Easterlin, Richard A. 1968. Population, Labor Force, and Long Swings in Economic Growth: The American Experience. New York: National Bureau of Economic Research.

Feichtinger, Gustav, and Gerhard Sorger. 1989. "Self-Generated Fertility Waves in a Non-Linear Continuous Overlapping Generations Model." Journal of Population Economics 2: 267–280.

Lee, Ronald Demos. 1974. "The Formal Dynamics of Controlled Populations and the Echo, the Boom and the Bust." Demography 11: 563–585.

——. 1976. "Demographic Forecasting and the Easterlin Hypothesis." Population and Development Review 2: 459–72.

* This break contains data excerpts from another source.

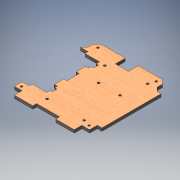
# Autodesk Inventor part: ElectronicPlate
Saved by Autodesk Inventor 2019 (Build 230136000, 136)
## iProperties
Created: 2020-12-31
Part Number: ElectronicPlate
Material: Типовые
Document SubType Name: Modeling
Designer: Professional
Density: 1 g/cm^3
Appearance: Вишневое дерево — натуральный — со слабым глянцем
Author: Professional
Autodesk Inventor part; units mm, degrees
ref_plane "YZ Plane" through (0, 0, 0) normal (1, 0, 0) x (0, 1, 0)
ref_plane "XZ Plane" through (0, 0, 0) normal (0, 1, 0) x (-1, 0, 0)
ref_plane "XY Plane" through (0, 0, 0) normal (0, 0, 1) x (1, 0, 0)
sketch "Эскиз1" plane through (0, 0, 0) normal (0, 1, 0) x (-1, 0, 0)
  line L0 (0, 0) -> (0, -96)
  line L1 (0, 0) -> (15, 0)
  line L2 (15, 0) -> (15, 5)
  line L3 (15, 5) -> (39, 5)
  line L4 (39, 5) -> (39, -5)
  line L5 (39, -5) -> (49, -5)
  line L6 (49, -5) -> (49, -15)
  line L7 (49, -15) -> (55, -15)
  line L8 (55, -15) -> (55, -92)
  line L9 (55, -92) -> (50, -92)
  line L10 (50, -92) -> (45, -97)
  line L11 (45, -97) -> (45, -104)
  line L12 (0, 0) -> (-15, 0)
  line L13 (-15, 0) -> (-15, 5)
  line L14 (-15, 5) -> (-39, 5)
  line L15 (-39, 5) -> (-39, -5)
  line L16 (-39, -5) -> (-49, -5)
  line L17 (-49, -5) -> (-49, -15)
  line L18 (-49, -15) -> (-55, -15)
  line L19 (-55, -15) -> (-55, -92)
  line L20 (-55, -92) -> (-50, -92)
  line L21 (-50, -92) -> (-45, -97)
  line L22 (-45, -97) -> (-45, -104)
  line L23 (45, -104) -> (40, -109)
  line L24 (-40, -109) -> (-45, -104)
  line L25 (40, -109) -> (8.5, -109)
  line L26 (8.5, -109) -> (8.5, -96)
  line L27 (8.5, -96) -> (0, -96)
  line L28 (-40, -109) -> (-8.5, -109)
  line L29 (-8.5, -109) -> (-8.5, -96)
  line L30 (-8.5, -96) -> (0, -96)
  point P0 (45, -109)
  point P1 (-45, -109)
  dimension "d0" = 30
  dimension "d1" = 78
  dimension "d2" = 10
  dimension "d3" = 10
  dimension "d4" = 10
  dimension "d5" = 6
  dimension "d6" = 97
  dimension "d7" = 100
  dimension "d8" = 45
  dimension "d10" = 5
  dimension "d11" = 12
  dimension "d26" = 5
  dimension "d27" = 5
  dimension "d28" = 5
  dimension "d29" = 5
  dimension "d30" = 114
  dimension "d31" = 135
  dimension "d32" = 17
  dimension "d33" = 13
  constraints: 63 end point, 13 symmetric about line, 8 perpendicular, 3 horizontal, 2 parallel, 2 point on line, 2 vertical
  measures "d0" diameter of L2 L0
  measures "d1" diameter of L4 L0
  measures "d2" distance between parallel lines of L6 L4
  measures "d3" distance between parallel lines of L5 L3
  measures "d4" distance from line of L6.end L5
  measures "d5" distance between parallel lines of L6 L8
  measures "d6" distance between parallel lines of L3 L9
  measures "d7" diameter of L9.end L0
  measures "d8" angle of L9 L10
  measures "d10" distance of L1.end L2.end
  measures "d11" distance of L10.end point (45, -109)
  measures "d26" distance of L11.end point (45, -109)
  measures "d27" distance of L23.end point (45, -109)
  measures "d28" distance of L24.start point (-45, -109)
  measures "d29" distance of L22.end point (-45, -109)
  measures "d30" distance between parallel lines of L3 L25
  measures "d31" angle of L25 L23
  measures "d32" distance between parallel lines of L29 L26
  measures "d33" distance between parallel lines of L25 L27
extrude "Выдавливание1" add sketch "Эскиз1" along normal blind 4
sketch "Эскиз2" plane through (0, 4, 0) normal (0, 1, 0) x (1, 0, 0)
  line L0 (0, 0) -> (0, 94.8396)
  line L1 (49, 5) -> (49, 15) projected
  line L2 (39, 5) -> (49, 5) projected
  line L3 (-39, -5) -> (-15, -5) projected
  line L4 (55, 15) -> (55, 92) projected
  line L5 (55, 92) -> (50, 92) projected
  line L6 (-55, 92) -> (-55, 15) projected
  line L7 (-55, 15) -> (-49, 15) projected
  point P0 (-38, 102.8)
  point P1 (38, 102.8)
  point P2 (44, 9.4)
  point P3 (-44, 9.4)
  dimension "d21" = 5
  dimension "d22" = 4.4
  dimension "d24" = 107.8
  dimension "d25" = 76
  constraints: 2 end point, 2 symmetric about line, 1 vertical
  measures "d21" distance from line of L1 point (44, 9.4)
  measures "d22" distance from line of L2 point (44, 9.4)
  measures "d24" distance from line of point (-38, 102.8) L3
  measures "d25" distance of point (38, 102.8) point (-38, 102.8)
hole "Отверстие1" at (-38, 4, -102.8) at (38, 4, -102.8) at (44, 4, -9.4) at (-44, 4, -9.4) direction (0, -1, 0) diameter 2.8 end through all
sketch "Эскиз4" plane through (0, 4, 0) normal (0, 1, 0) x (1, 0, 0)
  line L0 (-55, 92) -> (-55, 15) projected
  line L1 (-55, 88) -> (-25, 88)
  line L2 (-25, 88) -> (-25, 19)
  line L3 (-25, 19) -> (-55, 19)
  line L4 (-55, 19) -> (-55, 88)
  line L5 (-25, 88) -> (-21, 88)
  line L6 (-21, 88) -> (-21, 74)
  line L7 (-21, 74) -> (-25, 74)
  line L8 (-25, 61.5) -> (-21, 61.5)
  line L9 (-21, 61.5) -> (-21, 45.5)
  line L10 (-21, 45.5) -> (-25, 45.5)
  line L11 (-55, 53.5) -> (-25, 53.5) construction
  line L12 (-25, 19) -> (-21, 19)
  line L13 (-21, 19) -> (-21, 33)
  line L14 (-21, 33) -> (-25, 33)
  line L15 (-25, 33) -> (-25, 19)
  line L16 (-50, 92) -> (-55, 92) projected
  line L17 (-55, 92) -> (-40, 92)
  line L18 (-40, 92) -> (-40, 88)
  line L19 (-40, 88) -> (-55, 88)
  line L20 (-55, 88) -> (-55, 92)
  line L21 (-55, 15) -> (-40, 15)
  line L22 (-40, 15) -> (-40, 19)
  line L23 (-40, 19) -> (-55, 19)
  line L24 (-55, 19) -> (-55, 15)
  line L25 (-21, 23.5) -> (-18, 23.5)
  line L26 (-18, 23.5) -> (-18, 29.5)
  line L27 (-18, 29.5) -> (-21, 29.5)
  line L28 (-21, 29.5) -> (-21, 23.5)
  line L29 (-21, 77.5) -> (-18, 77.5)
  line L30 (-18, 77.5) -> (-18, 83.5)
  line L31 (-18, 83.5) -> (-21, 83.5)
  line L32 (-21, 83.5) -> (-21, 77.5)
  point P0 (0, 0)
  point P1 (-21, 53.5)
  point P2 (-18, 80.5)
  point P3 (-18, 26.5)
  dimension "d48" = 30
  dimension "d50" = 14
  dimension "d51" = 16
  dimension "d52" = 4
  dimension "d55" = 4
  dimension "d56" = 15
  dimension "d57" = 54
  dimension "d58" = 6
  dimension "d59" = 3
  constraints: 62 end point, 11 parallel, 9 point on line, 8 midpoint, 8 perpendicular, 5 horizontal, 3 symmetric about line, 2 collinear, 2 vertical alignment, 1 horizontal alignment, 1 other
  measures "d48" distance between parallel lines of L0 L2
  measures "d50" distance of L5.end L6.end
  measures "d51" distance between parallel lines of L8 L10
  measures "d52" distance between parallel lines of L2 L6
  measures "d55" distance between parallel lines of L17 L1
  measures "d56" distance between parallel lines of L2 L18
  measures "d57" distance of point (-18, 26.5) point (-18, 80.5)
  measures "d58" distance between parallel lines of L31 L29
  measures "d59" distance between parallel lines of L6 L30
extrude "Выдавливание2" cut sketch "Эскиз4" against normal through all
sketch "Эскиз5" plane through (0, 4, 0) normal (0, 1, 0) x (1, 0, 0)
  line L0 (55, 15) -> (55, 92) projected
  line L1 (15, -5) -> (39, -5) projected
  point P0 (0, 0)
  point P1 (-13.3, 12)
  point P2 (35, 12)
  point P3 (35, 94.6)
  point P4 (-13.3, 87.1)
  point P5 (2.1, 63.6)
  point P6 (30.1, 63.6)
  dimension "d67" = 48.3
  dimension "d68" = 82.6
  dimension "d69" = 75.1
  dimension "d70" = 28
  dimension "d71" = 4.9
  dimension "d72" = 20
  dimension "d73" = 17
  dimension "d74" = 51.6
  constraints: 2 horizontal alignment, 2 vertical alignment
  measures "d67" distance of point (-13.3, 12) point (35, 12)
  measures "d68" distance of point (35, 94.6) point (35, 12)
  measures "d69" distance of point (-13.3, 87.1) point (-13.3, 12)
  measures "d70" distance of point (30.1, 63.6) point (2.1, 63.6)
  measures "d71" horizontal distance of point (35, 12) point (30.1, 63.6)
  measures "d72" distance from line of L0 point (35, 12)
  measures "d73" distance from line of L1 point (35, 12)
  measures "d74" vertical distance of point (35, 12) point (30.1, 63.6)
hole "Отверстие2" at (-13.3, 4, -12) at (35, 4, -12) at (35, 4, -94.6) at (-13.3, 4, -87.1) at (2.1, 4, -63.6) at (30.1, 4, -63.6) direction (0, -1, 0) diameter 3 end through all
equation "\"d27\" = d26"
equation "\"d28\" = d26"
equation "\"d29\" = d28"
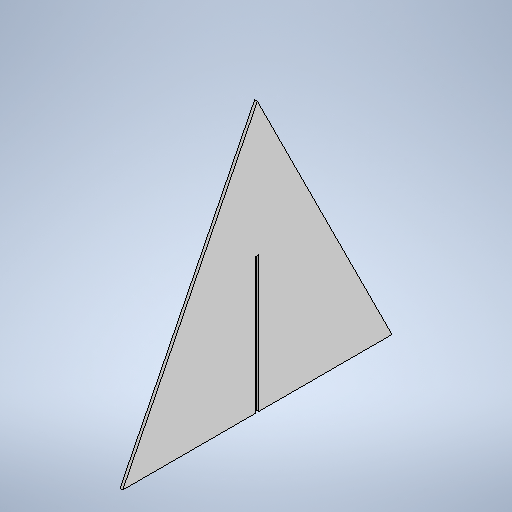
# Autodesk Inventor part: MSC 207 CONE BLADE
Saved by Autodesk Inventor 2025 (Build 290162010, 162A)
## iProperties
Created: 2025-01-15
Part Number: MSC 207 CONE BLADE
Material: Stainless Steel
Document SubType Name: Sheet Metal
Designer: pokla
Density: 8 g/cm^3
Sheet Metal Rule: AISI304 3mm Die 32
Appearance: Default
Author: pokla
Autodesk Inventor part; units mm, degrees
ref_plane "YZ Plane" through (0, 0, 0) normal (1, 0, 0) x (0, 1, 0)
ref_plane "XZ Plane" through (0, 0, 0) normal (0, 1, 0) x (-1, 0, 0)
ref_plane "XY Plane" through (0, 0, 0) normal (0, 0, 1) x (1, 0, 0)
sketch "Sketch1" plane through (0, 0, 0) normal (1, 0, 0) x (0, 1, 0)
  line L0 (150, 0) -> (-150, 0)
  line L1 (0, 0) -> (0, 300)
  line L2 (0, 300) -> (150, 0)
  line L3 (0, 300) -> (-150, 0)
  dimension "d0" = 300
  dimension "d1" = 300
  measures "d0" distance of L0.start L0.end
  measures "d1" distance of L1.start L1.end
extrude "Plate1" add sketch "Sketch1" along normal mid plane 3
sketch "Sketch3" plane through (1.5, 0, 0) normal (1, 0, 0) x (0, 0, -1)
  line L0 (0, -1.6) -> (-151, -1.6)
  line L1 (-151, -1.6) -> (-151, 1.6)
  line L2 (-151, 1.6) -> (0, 1.6)
  line L3 (0, 1.6) -> (0, -1.6)
  line L4 (0, 150) -> (0, -150) projected
  point P0 (0, 0)
  point P1 (0, 0)
  dimension "d7" = 3.2
  dimension "d8" = 151
  constraints: 8 end point, 2 midpoint, 2 parallel, 1 horizontal, 1 perpendicular
  measures "d7" distance of L2.end L0.start
  measures "d8" distance between parallel lines of L3 L1
extrude "Extrusion2" cut sketch "Sketch3" against normal through all
equation "\"d2\" = Thickness"
equation "\"BendReliefWidth\" = Thickness"
equation "\"BendReliefDepth\" = 0.5 * Thickness"
equation "\"CornerReliefSize\" = 4 * Thickness"
equation "\"MinimumRemnant\" = 2 * Thickness"
equation "\"TransitionRadius\" = BendRadius"
equation "\"JacobiRadiusSize\" = BendRadius"
equation "\"GapSize\" = Thickness"
equation "\"Thickness\" = 3"
equation "\"BendRadius\" = 5"
body "Solid1"
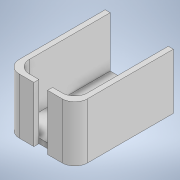
# Autodesk Inventor part: Hộp đựng động cơ
Saved by Autodesk Inventor 2020 (Build 240168000, 168)
## iProperties
Created: 2022-04-01
Part Number: Hộp đựng động cơ
Material: Generic
Document SubType Name: Modeling
Designer: PC
Density: 1 g/cm^3
Appearance: Default
Author: PC
Autodesk Inventor part; units mm, degrees
ref_plane "YZ Plane" through (0, 0, 0) normal (1, 0, 0) x (0, 1, 0)
ref_plane "XZ Plane" through (0, 0, 0) normal (0, 1, 0) x (-1, 0, 0)
ref_plane "XY Plane" through (0, 0, 0) normal (0, 0, 1) x (1, 0, 0)
sketch "Sketch1" plane through (0, 0, 0) normal (0, 1, 0) x (-1, 0, 0)
  line L0 (0, 0) -> (-27, 0)
  line L1 (-27, 0) -> (-27, -39)
  line L2 (-27, -39) -> (0, -39)
  line L3 (0, -39) -> (0, 0)
  dimension "d0" = 27
  dimension "d1" = 39
  constraints: 8 end point, 2 parallel, 1 horizontal, 1 perpendicular
  measures "d0" distance of L2.end L1.end
  measures "d1" distance of L0.end L1.end
extrude "Extrusion1" add sketch "Sketch1" along normal blind 22
sketch "Sketch2" plane through (0, 22, 0) normal (0, 1, 0) x (1, 0, 0)
  line L0 (27, 39) -> (0, 39) projected
  line L1 (2, 39) -> (2, 2)
  line L2 (2, 2) -> (25, 2)
  line L3 (25, 2) -> (25, 39)
  line L4 (27, 0) -> (27, 39) projected
  line L5 (0, 39) -> (0, 0) projected
  line L6 (0, 0) -> (27, 0) projected
  dimension "d4" = 2
  dimension "d5" = 2
  dimension "d6" = 2
  constraints: 6 end point, 2 perpendicular, 2 point on line, 1 vertical
  measures "d4" distance between parallel lines of L4 L3
  measures "d5" distance between parallel lines of L1 L5
  measures "d6" distance between parallel lines of L6 L2
extrude "Extrusion2" cut sketch "Sketch2" against normal blind 20 contours L3 L2 L1 L0
fillet "Fillet1" radius 5 4 edges at (27, 11, 0) (0, 11, 0) (2, 12, -2) (25, 12, -2)
sketch "Sketch3" plane through (0, 2, 0) normal (0, 1, 0) x (1, 0, 0)
  circle A0 centre (13.5, 13.2) radius 2.75
  line L0 (20, 2) -> (7, 2) projected
  point P0 (0, 0)
  dimension "d10" = 5.5
  dimension "d11" = 11.2
  constraints: 1 centre point
  measures "d10" diameter of A0
  measures "d11" distance from line of L0 A0.centre
extrude "Extrusion3" cut sketch "Sketch3" against normal through all
sketch "Sketch5" plane through (0, 22, 0) normal (0, 1, 0) x (1, 0, 0)
  line L0 (5, 0) -> (22, 0) projected
  line L1 (13.5, 0) -> (13.5, 2)
  line L2 (20, 2) -> (7, 2) projected
  line L3 (10.8, 0) -> (16.2, 0)
  line L4 (16.2, 0) -> (16.2, 2)
  line L5 (16.2, 2) -> (10.8, 2)
  line L6 (10.8, 2) -> (10.8, 0)
  line L7 (10.8, 0) -> (16.2, 2) construction
  line L8 (16.2, 0) -> (10.8, 2) construction
  point P0 (0, 0)
  point P1 (13.5, 1)
  dimension "d17" = 5.4
  constraints: 14 end point, 5 midpoint, 2 parallel, 1 horizontal, 1 perpendicular, 1 point on line
  measures "d17" distance of L5.end L4.end
extrude "Extrusion4" cut sketch "Sketch5" against normal through all
body "Solid1"

Macunovich, Diane J. 1999. "The Fortunes of One's Birth: Relative Cohort Size and the Youth Labor Market in the U.S." Journal of Population Economics 12: 215–272.

Samuelson, Paul A. 1976. "An Economist's Non-Linear Model of Self-Generated Fertility Waves." Population Studies 30: 243–248.

Wachter, Kenneth W. 1991. "Elusive Cycles: Are There Dynamically Possible Lee-Easterlin Models for U.S. Births?" Population Studies 45: 109–135.

Wachter, Kenneth W., and Ronald Demos Lee. 1989. "U.S. Births and Limit Cycle Models." Demography 26(1): 99–115.